* _Exercise requirements_:
Your answer should consist of each line below that includes the word "align".

○ ○ ○ ○ ○ ○ ○

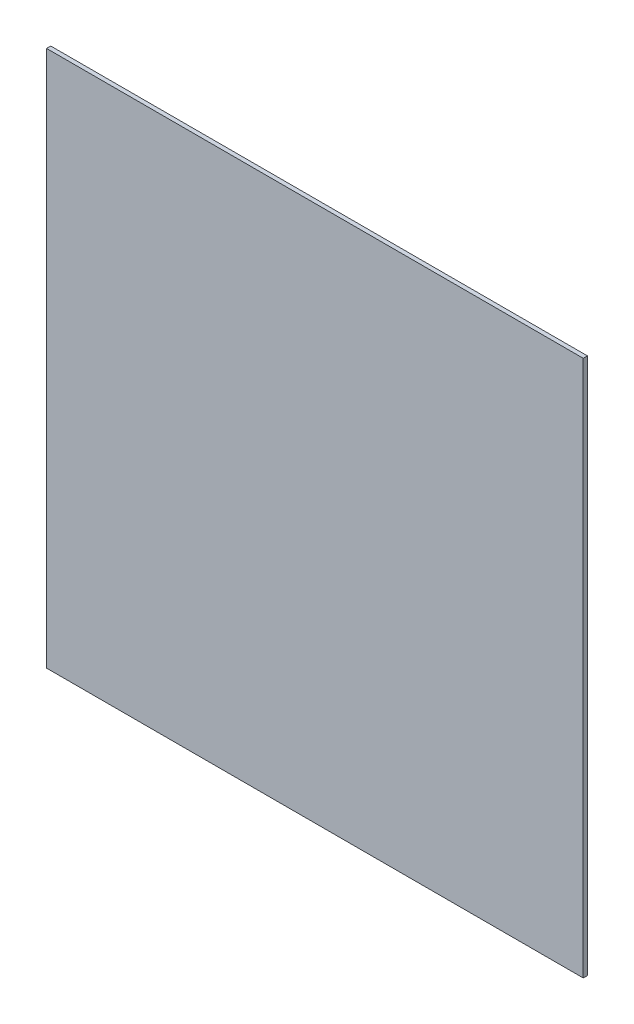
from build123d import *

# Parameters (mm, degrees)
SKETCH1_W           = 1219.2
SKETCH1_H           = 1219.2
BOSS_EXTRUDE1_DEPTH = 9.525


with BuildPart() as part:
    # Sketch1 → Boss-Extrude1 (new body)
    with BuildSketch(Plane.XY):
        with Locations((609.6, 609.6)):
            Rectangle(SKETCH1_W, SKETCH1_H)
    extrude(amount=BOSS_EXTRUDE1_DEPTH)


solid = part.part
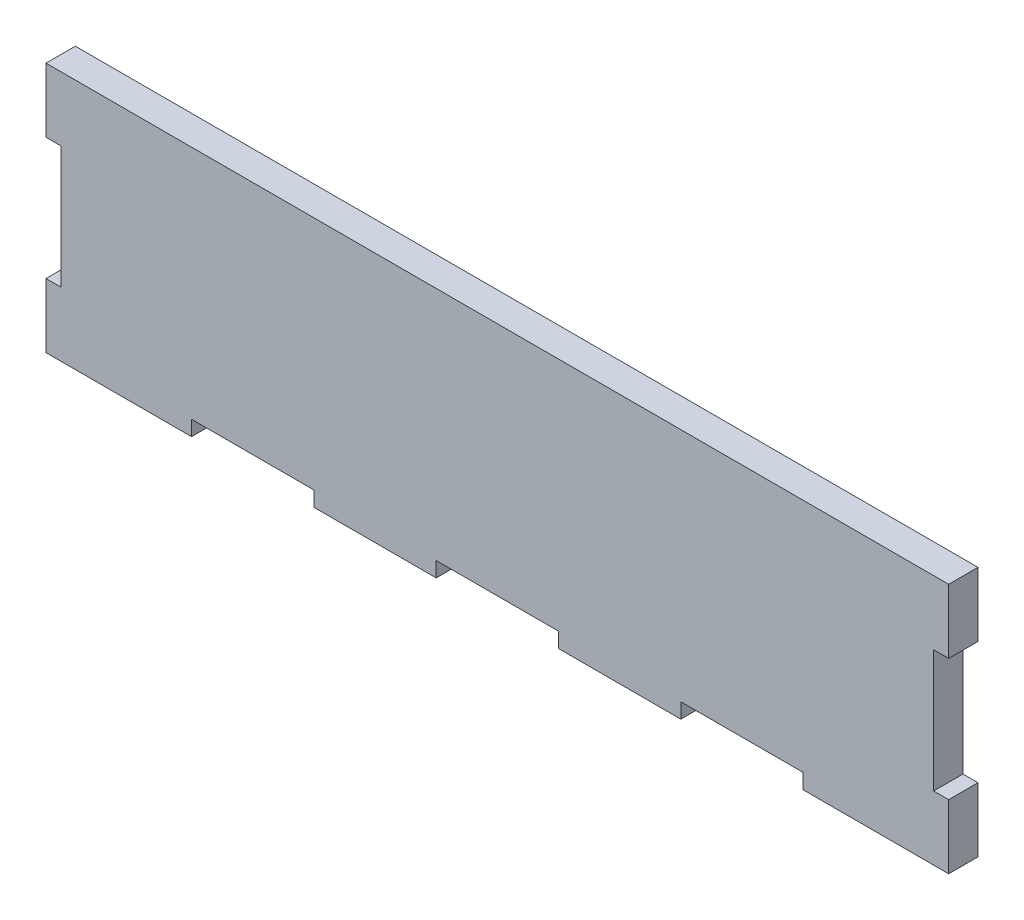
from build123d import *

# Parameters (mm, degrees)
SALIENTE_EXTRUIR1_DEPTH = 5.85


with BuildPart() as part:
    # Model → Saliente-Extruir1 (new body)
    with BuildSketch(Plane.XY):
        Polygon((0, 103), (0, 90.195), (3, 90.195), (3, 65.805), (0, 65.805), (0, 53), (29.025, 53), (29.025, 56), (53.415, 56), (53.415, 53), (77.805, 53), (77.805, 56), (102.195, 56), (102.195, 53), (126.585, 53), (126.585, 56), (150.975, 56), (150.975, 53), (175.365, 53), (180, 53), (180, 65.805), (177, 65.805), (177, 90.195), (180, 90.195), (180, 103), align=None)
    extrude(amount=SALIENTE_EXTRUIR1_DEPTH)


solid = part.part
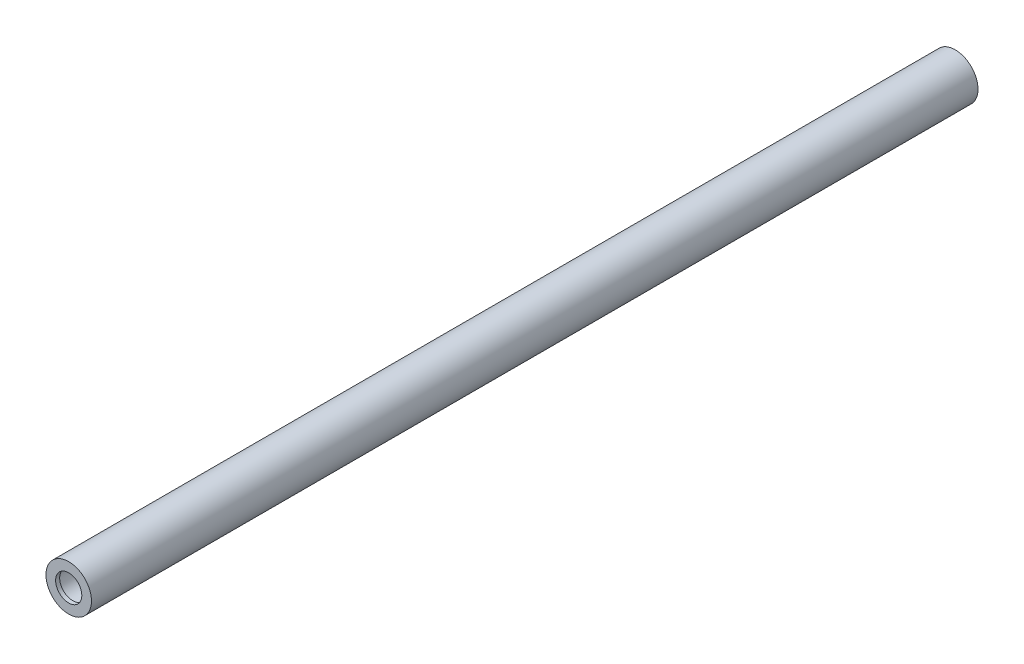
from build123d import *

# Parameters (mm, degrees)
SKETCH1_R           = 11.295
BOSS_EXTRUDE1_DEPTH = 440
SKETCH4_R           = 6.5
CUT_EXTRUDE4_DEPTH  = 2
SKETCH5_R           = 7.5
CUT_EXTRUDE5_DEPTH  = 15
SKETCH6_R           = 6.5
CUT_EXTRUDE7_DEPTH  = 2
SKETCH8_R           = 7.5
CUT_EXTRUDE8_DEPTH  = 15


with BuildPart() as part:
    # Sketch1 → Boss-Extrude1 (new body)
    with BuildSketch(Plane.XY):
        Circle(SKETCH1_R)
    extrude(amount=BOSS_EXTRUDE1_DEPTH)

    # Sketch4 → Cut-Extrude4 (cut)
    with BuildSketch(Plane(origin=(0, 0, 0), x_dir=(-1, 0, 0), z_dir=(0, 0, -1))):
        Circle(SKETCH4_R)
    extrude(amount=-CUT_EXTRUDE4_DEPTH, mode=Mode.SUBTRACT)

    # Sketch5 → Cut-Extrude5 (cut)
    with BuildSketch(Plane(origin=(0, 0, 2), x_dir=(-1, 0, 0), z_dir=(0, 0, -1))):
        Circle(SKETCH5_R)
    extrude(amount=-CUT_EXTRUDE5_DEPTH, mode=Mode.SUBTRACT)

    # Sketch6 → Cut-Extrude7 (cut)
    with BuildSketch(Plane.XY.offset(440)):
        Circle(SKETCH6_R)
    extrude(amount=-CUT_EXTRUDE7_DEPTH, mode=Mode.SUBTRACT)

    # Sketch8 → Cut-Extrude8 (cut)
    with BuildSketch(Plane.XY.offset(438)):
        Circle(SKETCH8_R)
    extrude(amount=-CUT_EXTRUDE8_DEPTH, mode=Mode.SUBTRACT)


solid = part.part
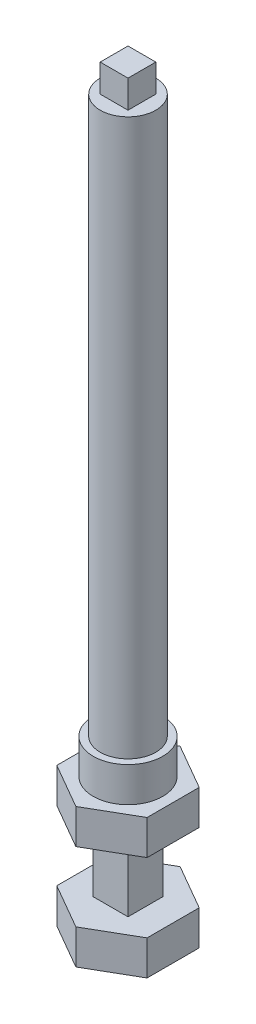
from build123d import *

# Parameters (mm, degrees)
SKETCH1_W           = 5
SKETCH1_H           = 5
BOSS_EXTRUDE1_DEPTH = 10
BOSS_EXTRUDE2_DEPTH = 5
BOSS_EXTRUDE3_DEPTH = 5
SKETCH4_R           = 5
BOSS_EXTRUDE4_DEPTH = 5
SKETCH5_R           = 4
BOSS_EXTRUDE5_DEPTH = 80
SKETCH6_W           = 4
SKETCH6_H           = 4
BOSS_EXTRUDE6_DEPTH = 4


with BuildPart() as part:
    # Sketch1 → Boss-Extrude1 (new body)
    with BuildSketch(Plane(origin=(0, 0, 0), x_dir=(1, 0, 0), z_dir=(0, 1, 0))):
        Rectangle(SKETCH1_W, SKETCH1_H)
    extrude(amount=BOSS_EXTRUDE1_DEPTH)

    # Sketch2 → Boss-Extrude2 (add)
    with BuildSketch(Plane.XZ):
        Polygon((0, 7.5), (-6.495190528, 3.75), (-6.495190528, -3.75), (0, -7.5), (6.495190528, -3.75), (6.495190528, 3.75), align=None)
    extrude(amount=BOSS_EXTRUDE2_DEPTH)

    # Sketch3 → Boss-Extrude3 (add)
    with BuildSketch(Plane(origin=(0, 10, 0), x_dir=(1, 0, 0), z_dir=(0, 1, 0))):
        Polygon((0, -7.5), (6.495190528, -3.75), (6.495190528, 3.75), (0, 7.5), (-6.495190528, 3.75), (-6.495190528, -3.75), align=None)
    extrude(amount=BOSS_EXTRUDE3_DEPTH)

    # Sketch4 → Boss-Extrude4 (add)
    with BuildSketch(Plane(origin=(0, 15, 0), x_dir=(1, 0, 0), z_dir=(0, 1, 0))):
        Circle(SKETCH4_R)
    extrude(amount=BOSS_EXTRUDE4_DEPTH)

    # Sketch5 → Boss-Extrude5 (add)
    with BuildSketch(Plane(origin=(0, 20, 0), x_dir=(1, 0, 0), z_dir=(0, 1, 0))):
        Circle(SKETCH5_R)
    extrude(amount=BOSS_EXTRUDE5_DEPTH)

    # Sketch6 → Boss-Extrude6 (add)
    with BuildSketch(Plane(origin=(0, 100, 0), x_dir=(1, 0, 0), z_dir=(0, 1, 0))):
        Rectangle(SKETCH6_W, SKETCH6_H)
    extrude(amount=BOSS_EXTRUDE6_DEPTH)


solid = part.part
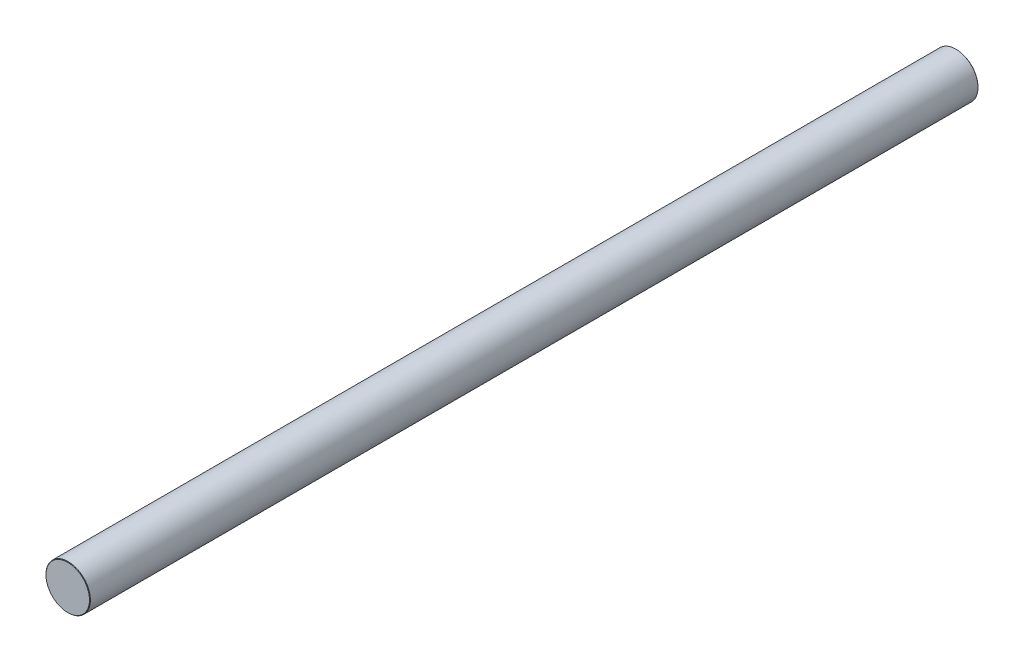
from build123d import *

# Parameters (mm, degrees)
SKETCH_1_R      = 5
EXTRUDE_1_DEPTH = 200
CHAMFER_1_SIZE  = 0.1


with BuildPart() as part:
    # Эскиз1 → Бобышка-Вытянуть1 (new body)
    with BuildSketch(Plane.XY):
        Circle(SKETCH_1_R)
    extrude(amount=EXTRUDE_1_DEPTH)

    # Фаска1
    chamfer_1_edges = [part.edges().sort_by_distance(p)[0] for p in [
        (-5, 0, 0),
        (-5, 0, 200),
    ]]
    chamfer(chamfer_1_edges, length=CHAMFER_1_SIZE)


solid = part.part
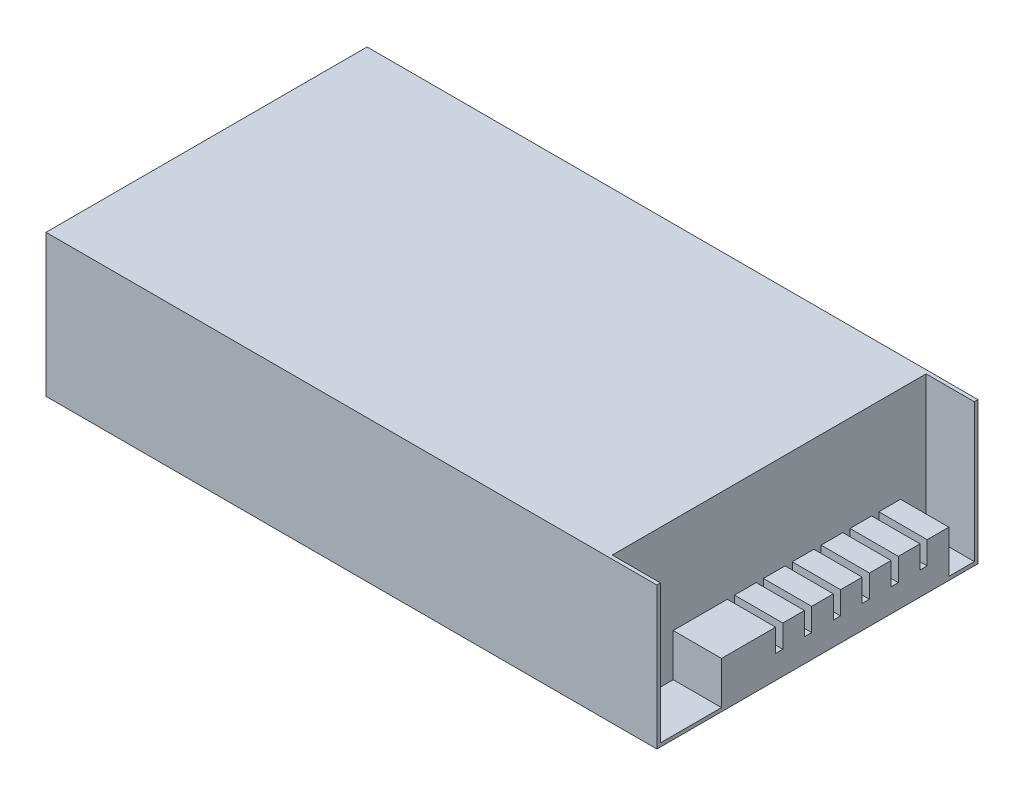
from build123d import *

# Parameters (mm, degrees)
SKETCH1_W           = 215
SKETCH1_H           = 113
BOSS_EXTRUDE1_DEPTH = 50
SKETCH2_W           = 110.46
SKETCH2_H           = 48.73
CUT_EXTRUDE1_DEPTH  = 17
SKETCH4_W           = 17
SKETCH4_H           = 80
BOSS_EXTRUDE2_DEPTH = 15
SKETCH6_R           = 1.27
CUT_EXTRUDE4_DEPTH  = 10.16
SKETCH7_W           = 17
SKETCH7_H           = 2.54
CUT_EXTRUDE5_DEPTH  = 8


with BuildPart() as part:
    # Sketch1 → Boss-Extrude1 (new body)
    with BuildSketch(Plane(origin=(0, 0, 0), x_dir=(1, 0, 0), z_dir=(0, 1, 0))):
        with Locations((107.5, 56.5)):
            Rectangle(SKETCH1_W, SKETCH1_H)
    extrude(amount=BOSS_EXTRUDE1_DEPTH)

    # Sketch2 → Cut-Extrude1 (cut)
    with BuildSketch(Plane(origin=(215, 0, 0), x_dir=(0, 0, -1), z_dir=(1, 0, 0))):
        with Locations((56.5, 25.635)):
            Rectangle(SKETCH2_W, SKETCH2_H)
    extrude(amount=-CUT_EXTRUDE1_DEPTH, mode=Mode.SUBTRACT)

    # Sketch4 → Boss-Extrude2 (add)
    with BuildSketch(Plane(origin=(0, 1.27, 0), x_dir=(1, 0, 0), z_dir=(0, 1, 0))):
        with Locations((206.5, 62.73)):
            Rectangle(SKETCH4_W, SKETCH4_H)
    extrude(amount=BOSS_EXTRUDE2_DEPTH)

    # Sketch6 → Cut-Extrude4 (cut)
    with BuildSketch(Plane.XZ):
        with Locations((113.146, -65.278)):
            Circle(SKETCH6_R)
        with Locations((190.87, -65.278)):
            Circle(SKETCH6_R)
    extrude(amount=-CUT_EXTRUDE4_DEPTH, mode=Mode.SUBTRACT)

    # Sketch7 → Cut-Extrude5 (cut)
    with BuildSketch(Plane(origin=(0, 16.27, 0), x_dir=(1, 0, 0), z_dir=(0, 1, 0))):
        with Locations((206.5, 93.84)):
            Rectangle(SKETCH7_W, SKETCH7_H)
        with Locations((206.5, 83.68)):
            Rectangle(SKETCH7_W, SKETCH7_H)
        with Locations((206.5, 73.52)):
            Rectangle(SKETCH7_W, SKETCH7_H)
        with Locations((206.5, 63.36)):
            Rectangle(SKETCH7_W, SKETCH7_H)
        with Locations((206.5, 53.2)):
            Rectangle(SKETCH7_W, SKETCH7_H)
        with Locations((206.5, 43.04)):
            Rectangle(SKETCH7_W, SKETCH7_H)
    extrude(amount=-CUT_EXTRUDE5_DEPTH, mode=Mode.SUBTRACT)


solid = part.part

○ ○ ○ ○ ○ ○ ○

* _Task output_:
        Polygon((0, 103), (0, 90.195), (3, 90.195), (3, 65.805), (0, 65.805), (0, 53), (29.025, 53), (29.025, 56), (53.415, 56), (53.415, 53), (77.805, 53), (77.805, 56), (102.195, 56), (102.195, 53), (126.585, 53), (126.585, 56), (150.975, 56), (150.975, 53), (175.365, 53), (180, 53), (180, 65.805), (177, 65.805), (177, 90.195), (180, 90.195), (180, 103), align=None)
        Polygon((0, 7.5), (-6.495190528, 3.75), (-6.495190528, -3.75), (0, -7.5), (6.495190528, -3.75), (6.495190528, 3.75), align=None)
        Polygon((0, -7.5), (6.495190528, -3.75), (6.495190528, 3.75), (0, 7.5), (-6.495190528, 3.75), (-6.495190528, -3.75), align=None)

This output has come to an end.